Kasus ini terungkap melalui penyelidikan yang dilakukan pada 17 April 2026. Petugas Unit 1 Subdit IV Ditreskrimsus Polda Jawa Tengah dan BKSDA melakukan pemeriksaan di Pelabuhan Juwana, Desa Bajomulyo, Kecamatan Juwana, Kabupaten Pati, dan menemukan penyimpanan serta kepemilikan satwa yang dilindungi tanpa izin resmi.
Dari hasil pemeriksaan, petugas mengamankan 18 ekor burung hidup, tiga kandang, dan dua kardus yang digunakan untuk pengangkutan. Tiga pelaku penyelundupan ditangkap, yaitu EDP (25), BES (26), dan G (39), yang merupakan warga Kecamatan Juwana.

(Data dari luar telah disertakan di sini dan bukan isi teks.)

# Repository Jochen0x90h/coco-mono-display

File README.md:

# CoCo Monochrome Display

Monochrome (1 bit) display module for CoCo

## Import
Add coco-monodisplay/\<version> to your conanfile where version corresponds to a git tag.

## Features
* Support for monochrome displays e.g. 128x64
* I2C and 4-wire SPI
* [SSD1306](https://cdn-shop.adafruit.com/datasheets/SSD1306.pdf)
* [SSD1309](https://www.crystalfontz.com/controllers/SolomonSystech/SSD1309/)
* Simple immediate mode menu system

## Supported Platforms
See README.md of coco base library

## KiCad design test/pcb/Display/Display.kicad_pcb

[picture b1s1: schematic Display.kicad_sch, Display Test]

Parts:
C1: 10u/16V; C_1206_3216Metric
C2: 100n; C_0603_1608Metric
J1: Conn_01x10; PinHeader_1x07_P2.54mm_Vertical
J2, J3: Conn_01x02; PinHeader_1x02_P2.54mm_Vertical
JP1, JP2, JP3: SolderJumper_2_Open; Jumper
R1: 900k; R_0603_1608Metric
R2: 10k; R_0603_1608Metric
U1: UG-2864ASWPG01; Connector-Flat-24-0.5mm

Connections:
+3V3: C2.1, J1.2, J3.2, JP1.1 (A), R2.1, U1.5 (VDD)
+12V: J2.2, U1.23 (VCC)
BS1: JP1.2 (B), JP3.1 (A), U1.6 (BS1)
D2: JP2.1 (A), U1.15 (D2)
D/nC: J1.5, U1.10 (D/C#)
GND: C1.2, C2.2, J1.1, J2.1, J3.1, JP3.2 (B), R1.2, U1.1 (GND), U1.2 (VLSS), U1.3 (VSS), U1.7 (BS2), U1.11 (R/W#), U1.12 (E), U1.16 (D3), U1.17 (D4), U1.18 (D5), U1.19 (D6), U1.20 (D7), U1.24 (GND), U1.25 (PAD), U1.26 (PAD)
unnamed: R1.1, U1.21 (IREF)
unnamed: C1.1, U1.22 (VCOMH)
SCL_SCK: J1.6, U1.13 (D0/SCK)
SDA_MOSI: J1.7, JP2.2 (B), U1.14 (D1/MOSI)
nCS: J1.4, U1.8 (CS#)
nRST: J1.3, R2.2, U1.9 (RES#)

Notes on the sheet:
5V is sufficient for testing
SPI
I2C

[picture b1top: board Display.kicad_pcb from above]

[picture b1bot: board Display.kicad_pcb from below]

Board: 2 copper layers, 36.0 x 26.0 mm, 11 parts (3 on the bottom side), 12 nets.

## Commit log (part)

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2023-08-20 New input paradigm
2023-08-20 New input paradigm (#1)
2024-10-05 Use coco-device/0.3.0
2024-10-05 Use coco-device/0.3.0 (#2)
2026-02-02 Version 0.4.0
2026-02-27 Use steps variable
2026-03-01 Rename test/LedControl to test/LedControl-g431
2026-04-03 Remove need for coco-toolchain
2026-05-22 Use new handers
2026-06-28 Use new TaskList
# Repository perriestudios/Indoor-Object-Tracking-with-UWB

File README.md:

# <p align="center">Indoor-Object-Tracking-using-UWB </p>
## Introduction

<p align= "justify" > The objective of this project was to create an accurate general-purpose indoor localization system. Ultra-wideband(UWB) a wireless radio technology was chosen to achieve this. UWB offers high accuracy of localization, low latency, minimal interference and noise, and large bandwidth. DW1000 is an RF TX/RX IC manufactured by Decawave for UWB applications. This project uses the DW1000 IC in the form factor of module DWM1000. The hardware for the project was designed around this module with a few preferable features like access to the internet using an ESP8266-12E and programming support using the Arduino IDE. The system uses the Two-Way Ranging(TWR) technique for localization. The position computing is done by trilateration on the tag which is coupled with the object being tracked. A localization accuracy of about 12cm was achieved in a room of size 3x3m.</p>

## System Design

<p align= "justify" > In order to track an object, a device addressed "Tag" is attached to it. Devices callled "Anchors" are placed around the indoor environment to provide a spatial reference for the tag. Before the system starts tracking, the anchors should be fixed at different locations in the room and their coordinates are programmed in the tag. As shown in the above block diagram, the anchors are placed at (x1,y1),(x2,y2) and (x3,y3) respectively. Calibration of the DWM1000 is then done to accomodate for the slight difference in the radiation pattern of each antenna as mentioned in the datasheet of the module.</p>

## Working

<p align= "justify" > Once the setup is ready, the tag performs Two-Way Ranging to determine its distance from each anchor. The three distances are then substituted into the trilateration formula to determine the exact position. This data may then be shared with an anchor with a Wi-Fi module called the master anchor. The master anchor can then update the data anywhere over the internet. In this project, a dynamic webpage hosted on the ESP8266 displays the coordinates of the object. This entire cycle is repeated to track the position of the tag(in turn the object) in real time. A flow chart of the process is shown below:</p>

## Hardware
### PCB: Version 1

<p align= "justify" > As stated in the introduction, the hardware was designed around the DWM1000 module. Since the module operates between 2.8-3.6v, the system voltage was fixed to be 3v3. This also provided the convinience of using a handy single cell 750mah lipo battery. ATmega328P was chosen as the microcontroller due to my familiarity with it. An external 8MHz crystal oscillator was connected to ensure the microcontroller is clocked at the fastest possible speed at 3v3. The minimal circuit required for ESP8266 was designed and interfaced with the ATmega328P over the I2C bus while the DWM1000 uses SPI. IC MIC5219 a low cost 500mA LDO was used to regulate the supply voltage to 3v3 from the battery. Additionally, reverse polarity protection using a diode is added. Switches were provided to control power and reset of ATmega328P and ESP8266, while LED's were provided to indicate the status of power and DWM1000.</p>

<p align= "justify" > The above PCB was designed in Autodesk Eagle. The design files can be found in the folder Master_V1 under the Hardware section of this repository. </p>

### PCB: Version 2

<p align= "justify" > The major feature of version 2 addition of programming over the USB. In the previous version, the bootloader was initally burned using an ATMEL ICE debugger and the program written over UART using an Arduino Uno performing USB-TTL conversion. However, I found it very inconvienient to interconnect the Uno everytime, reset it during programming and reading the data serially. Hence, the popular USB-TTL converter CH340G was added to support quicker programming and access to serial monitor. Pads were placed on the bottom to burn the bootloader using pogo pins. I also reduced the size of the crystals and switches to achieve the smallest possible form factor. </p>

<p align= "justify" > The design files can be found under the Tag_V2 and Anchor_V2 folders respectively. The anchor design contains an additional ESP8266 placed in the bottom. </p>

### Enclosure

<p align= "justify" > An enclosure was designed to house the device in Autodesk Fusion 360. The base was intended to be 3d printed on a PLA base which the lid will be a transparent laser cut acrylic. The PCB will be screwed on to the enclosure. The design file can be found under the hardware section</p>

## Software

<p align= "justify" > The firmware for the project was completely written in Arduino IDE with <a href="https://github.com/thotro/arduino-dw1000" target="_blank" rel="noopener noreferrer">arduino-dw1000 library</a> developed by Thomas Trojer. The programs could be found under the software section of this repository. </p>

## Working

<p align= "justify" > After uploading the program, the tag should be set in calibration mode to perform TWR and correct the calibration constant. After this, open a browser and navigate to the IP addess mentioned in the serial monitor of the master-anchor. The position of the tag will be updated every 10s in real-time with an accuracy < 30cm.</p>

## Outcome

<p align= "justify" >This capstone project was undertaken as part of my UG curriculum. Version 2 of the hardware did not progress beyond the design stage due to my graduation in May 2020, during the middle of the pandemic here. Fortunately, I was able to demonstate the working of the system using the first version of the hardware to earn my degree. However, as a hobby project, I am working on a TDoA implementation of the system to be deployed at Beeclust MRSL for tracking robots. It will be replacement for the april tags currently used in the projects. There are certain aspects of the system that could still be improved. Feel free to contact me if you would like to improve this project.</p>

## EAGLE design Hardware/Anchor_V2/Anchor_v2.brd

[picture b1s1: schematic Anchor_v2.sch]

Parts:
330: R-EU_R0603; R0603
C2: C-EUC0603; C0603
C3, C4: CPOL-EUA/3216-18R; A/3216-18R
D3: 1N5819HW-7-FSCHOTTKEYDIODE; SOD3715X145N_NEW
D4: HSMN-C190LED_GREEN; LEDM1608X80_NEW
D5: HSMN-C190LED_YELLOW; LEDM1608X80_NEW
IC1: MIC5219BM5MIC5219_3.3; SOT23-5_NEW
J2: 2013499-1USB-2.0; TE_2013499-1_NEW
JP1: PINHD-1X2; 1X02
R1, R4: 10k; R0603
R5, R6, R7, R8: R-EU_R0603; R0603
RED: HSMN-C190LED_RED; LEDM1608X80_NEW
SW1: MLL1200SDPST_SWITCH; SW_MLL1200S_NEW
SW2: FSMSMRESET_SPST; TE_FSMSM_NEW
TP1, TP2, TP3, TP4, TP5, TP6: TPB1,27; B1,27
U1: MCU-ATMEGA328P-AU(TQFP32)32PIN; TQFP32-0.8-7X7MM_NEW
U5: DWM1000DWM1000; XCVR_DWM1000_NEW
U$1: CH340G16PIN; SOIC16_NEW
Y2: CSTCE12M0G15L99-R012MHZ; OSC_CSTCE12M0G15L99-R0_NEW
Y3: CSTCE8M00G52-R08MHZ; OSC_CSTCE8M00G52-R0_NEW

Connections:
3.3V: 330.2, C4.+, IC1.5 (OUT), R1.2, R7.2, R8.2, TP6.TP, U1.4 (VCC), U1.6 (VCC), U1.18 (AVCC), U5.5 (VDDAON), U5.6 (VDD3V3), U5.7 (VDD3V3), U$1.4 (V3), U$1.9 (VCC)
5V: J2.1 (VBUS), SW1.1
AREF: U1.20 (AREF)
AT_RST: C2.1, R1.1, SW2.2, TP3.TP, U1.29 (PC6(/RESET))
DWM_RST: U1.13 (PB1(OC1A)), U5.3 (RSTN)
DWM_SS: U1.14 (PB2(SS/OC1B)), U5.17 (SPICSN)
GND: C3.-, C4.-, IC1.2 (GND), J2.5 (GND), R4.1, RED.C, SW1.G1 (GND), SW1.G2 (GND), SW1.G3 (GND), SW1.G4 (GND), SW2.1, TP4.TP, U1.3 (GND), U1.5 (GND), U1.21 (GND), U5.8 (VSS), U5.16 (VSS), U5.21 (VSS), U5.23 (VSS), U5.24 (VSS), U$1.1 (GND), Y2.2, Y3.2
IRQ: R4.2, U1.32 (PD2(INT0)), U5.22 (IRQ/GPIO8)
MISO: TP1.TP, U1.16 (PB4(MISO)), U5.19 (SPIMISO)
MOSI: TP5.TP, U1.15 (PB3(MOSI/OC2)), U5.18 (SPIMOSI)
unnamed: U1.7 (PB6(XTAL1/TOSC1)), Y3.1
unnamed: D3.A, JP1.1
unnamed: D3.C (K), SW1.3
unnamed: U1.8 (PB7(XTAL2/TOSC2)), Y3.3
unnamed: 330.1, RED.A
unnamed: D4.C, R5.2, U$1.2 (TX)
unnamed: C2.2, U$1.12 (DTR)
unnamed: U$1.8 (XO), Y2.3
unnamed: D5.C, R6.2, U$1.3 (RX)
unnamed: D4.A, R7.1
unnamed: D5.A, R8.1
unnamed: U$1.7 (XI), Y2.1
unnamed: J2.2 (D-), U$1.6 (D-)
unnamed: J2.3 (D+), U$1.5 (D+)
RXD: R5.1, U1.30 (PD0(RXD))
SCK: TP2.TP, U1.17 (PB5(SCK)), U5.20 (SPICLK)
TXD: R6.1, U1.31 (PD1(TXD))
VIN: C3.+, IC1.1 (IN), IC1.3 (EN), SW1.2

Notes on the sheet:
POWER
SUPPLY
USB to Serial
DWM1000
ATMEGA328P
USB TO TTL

Burung-burung yang disita telah dievakuasi dan dititipkan kepada BKSDA Jawa Tengah untuk proses identifikasi. Pemeriksaan menunjukkan bahwa burung kasturi kepala hitam termasuk satwa yang dilindungi. Para pelaku dijerat dengan Pasal 40A ayat 1 huruf d juncto Pasal 21 ayat 2 huruf a Undang-Undang Nomor 32 Tahun 2024. Saat ini, penyidik sedang menyusun berkas perkara untuk pelimpahan ke Kejaksaan Tinggi Jawa Tengah.